Still, Kittell said, most of the more than 100 different computer forecast projections suggest moderate to heavy rain. In the most likely scenario, downtown L.A. will receive 2.62 inches of rain between late Thursday and Sunday, which would cause flooding on roadways and minor, shallow debris flows.
Getting that 2.62 inches of rain through the weekend would vault this month into the category of wettest November since 1985, Kittell said. Downtown L.A. would need to exceed 2.43 inches of rain in November to break that 40-year-old record.
There’s a 30% chance of a worst-case scenario where downtown L.A. receives 4.81 inches of rain, producing mudflows and debris flows. With debris flows, the fast-moving landslides pour down hillsides and pick up not just mud but other debris that can move cars and crash into homes with deadly force. A total of 4.81 inches of rain would be one-third of downtown’s annual rainfall.
Both mudflows and debris flows can be triggered with rain falling at a rate as low as half an inch per hour. But it depends on the burn scar, Kittell said. It would take rain falling at twice that rate — an inch per hour — to trigger flows in some burn scars, he said.
The National Weather Service office in Oxnard said that on Saturday there’s about a 70% chance that the Eaton and Palisades fire burn scars will see rain fall at a rate of 0.5 inches or more per hour. There’s a 38% chance of a rainfall rate of 1 inch or more per hour in those areas.

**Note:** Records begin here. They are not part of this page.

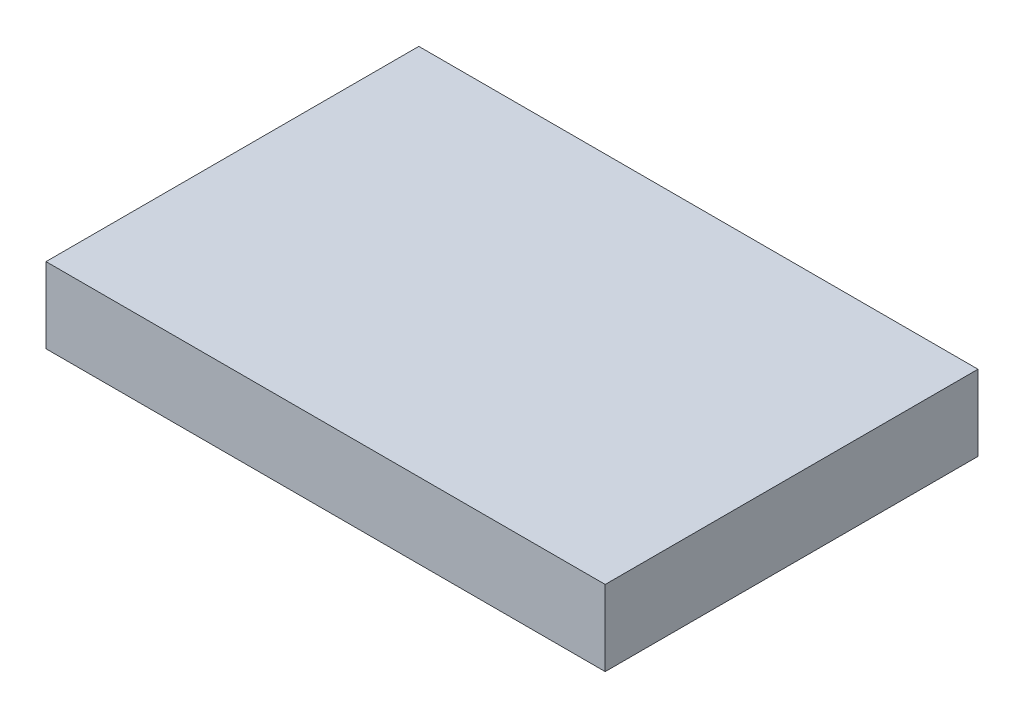
SolidWorks part; units mm, degrees
ref_plane "Front Plane" through (0, 0, 0) normal (0, 0, 1) x (1, 0, 0)
ref_plane "Top Plane" through (0, 0, 0) normal (0, 1, 0) x (1, 0, 0)
ref_plane "Right Plane" through (0, 0, 0) normal (1, 0, 0) x (0, 0, -1)
sketch "Sketch1" plane through (0, 0, 0) normal (0, 1, 0) x (1, 0, 0)
  line L1 (0, 0) -> (23.7, 0)
  line L2 (0, 0) -> (0, 15.8)
  line L3 (0, 15.8) -> (23.7, 15.8)
  line L4 (23.7, 0) -> (23.7, 15.8)
  dimension "D1" = 23.7
  dimension "D2" = 15.8
extrude "Boss-Extrude1" add sketch "Sketch1" along normal blind 3.2
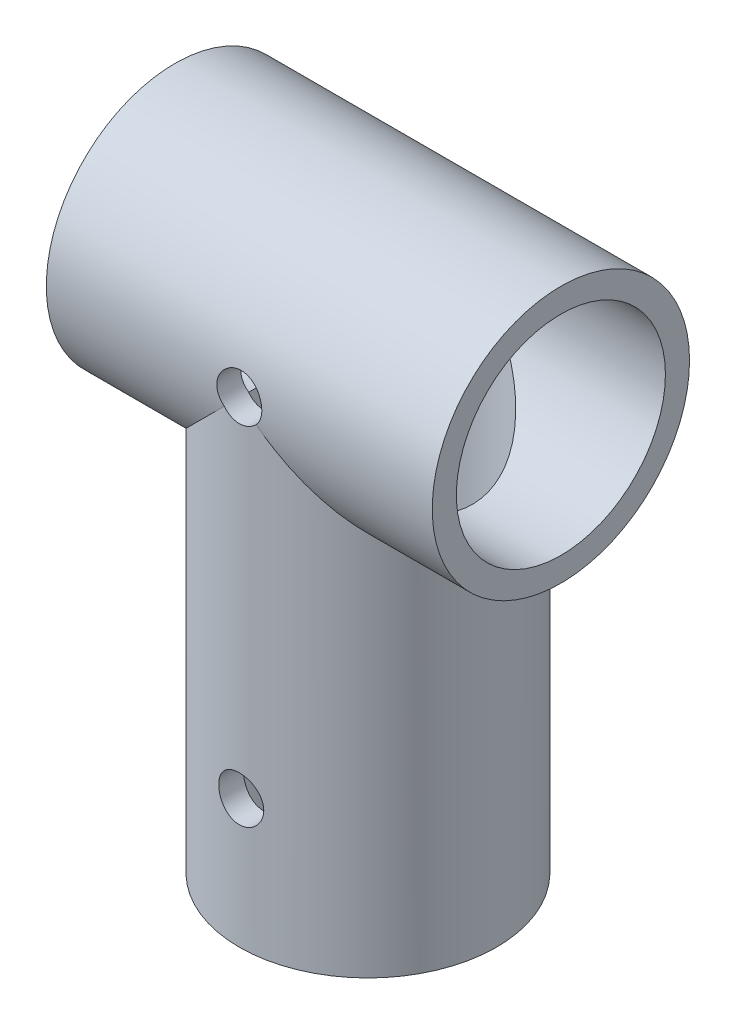
SolidWorks part; units mm, degrees
ref_plane "Front Plane" through (0, 0, 0) normal (0, 0, 1) x (1, 0, 0)
ref_plane "Top Plane" through (0, 0, 0) normal (0, 1, 0) x (1, 0, 0)
ref_plane "Right Plane" through (0, 0, 0) normal (1, 0, 0) x (0, 0, -1)
sketch "Sketch1" plane through (0, 0, 0) normal (0, 1, 0) x (1, 0, 0)
  circle A0 centre (0, 0) radius 8.125
  circle A1 centre (0, 0) radius 10
  dimension "D1" = 16.25
  dimension "D2" = 20
extrude "Boss-Extrude1" add sketch "Sketch1" along normal blind 25
sketch "Sketch2" plane through (0, 0, 0) normal (1, 0, 0) x (0, 0, -1)
  line L0 (0, 0) -> (0, 37) construction
  line L1 (10, 25) -> (-10, 25) construction
  circle A0 centre (0, 37) radius 8.125
  circle A1 centre (0, 37) radius 10
  dimension "D1" = 16.25
  dimension "D2" = 20
  dimension "D3" = 12
extrude "Boss-Extrude2" add sketch "Sketch2" along normal mid plane 30 separate body
sketch "Sketch4" plane through (0, 25, 0) normal (0, 1, 0) x (1, 0, 0)
  circle A0 centre (0, 0) radius 10
  dimension "D1" = 20
extrude "Boss-Extrude4" add sketch "Sketch4" along normal up to surface (12 mm away) up to face at (15, 37, -10)
sketch "Sketch7" plane through (0, 25, 0) normal (0, -1, 0) x (1, 0, 0)
  circle A0 centre (0, 0) radius 8.125
  dimension "D1" = 16.25
extrude "Cut-Extrude3" cut sketch "Sketch7" against normal up to surface (12 mm away) up to face at (15, 37, -8.125)
sketch "Sketch5" plane through (0, 0, 0) normal (0, 0, 1) x (1, 0, 0)
  line L0 (-10, 0) -> (10, 0) construction
  circle A0 centre (0, 10) radius 1.75
  dimension "D1" = 3.5
  dimension "D2" = 10
extrude "Cut-Extrude1" cut sketch "Sketch5" against normal through all both and the other way through all
sketch "Sketch6" plane through (0, 0, 0) normal (0, 0, 1) x (1, 0, 0)
  line L2 (15, 47) -> (-15, 47) construction
  circle A0 centre (0, 37) radius 1.75
  dimension "D2" = 3.5
  dimension "D1" = 10
extrude "Cut-Extrude2" cut sketch "Sketch6" against normal through all both and the other way through all

Rain is expected to start falling by Friday morning in Los Angeles, Orange, Riverside, San Bernardino and San Diego counties. Precipitation was forecast to begin Thursday in Ventura, Santa Barbara and San Luis Obispo counties.
The heaviest rain for Southern California is expected late Friday into Saturday.
Although tornadoes aren’t usually associated with California, they do happen. For the most part, “they’re weak, they’re brief, and usually don’t cause a whole lot of issues,” Kittell said. “But we do get quite a few of them.” Sometimes they form on land, or they begin as waterspouts — a tornado over the ocean — and move onto land.
“They are not like the kind that you typically hear about in the Midwest that last for 15, 30 minutes, or even an hour or two, and are a mile or two wide and cause destructive damage,” Kittell said. “We just don’t have the environment for that,” yet they still pose a threat.
A tornado lasting for five minutes touched down in Santa Cruz County last December, injuring three people, downing trees and power poles, stripping trees of branches, overturning vehicles and damaging street signs.
This weekend’s atmospheric-river-powered storm created a long band of rainfall that on Thursday was stretching across the Pacific Ocean to San Francisco. It was set to move south and east as it headed to Southern California.
The storm downed trees in the San Francisco Bay Area on Thursday and flooded low-lying streets. A tree split and fell in San Francisco’s Western Addition neighborhood, crashing onto a vehicle, local news outlets reported. A tree also fell on a fence in Santa Rosa. Rising waters inundated a section of roadway just west of the Charles M. Schulz-Sonoma County Airport, firefighters said.
Solo vehicle crashes were reported on Highway 1 in Santa Cruz County, the California Highway Patrol said. A pickup truck overturned along Highway 152 between Watsonville and Gilroy, and all lanes of Highway 17 connecting Santa Cruz and San Jose were shut down for some time Thursday night following a crash involving a CHP cruiser; a CHP officer sustained minor injuries.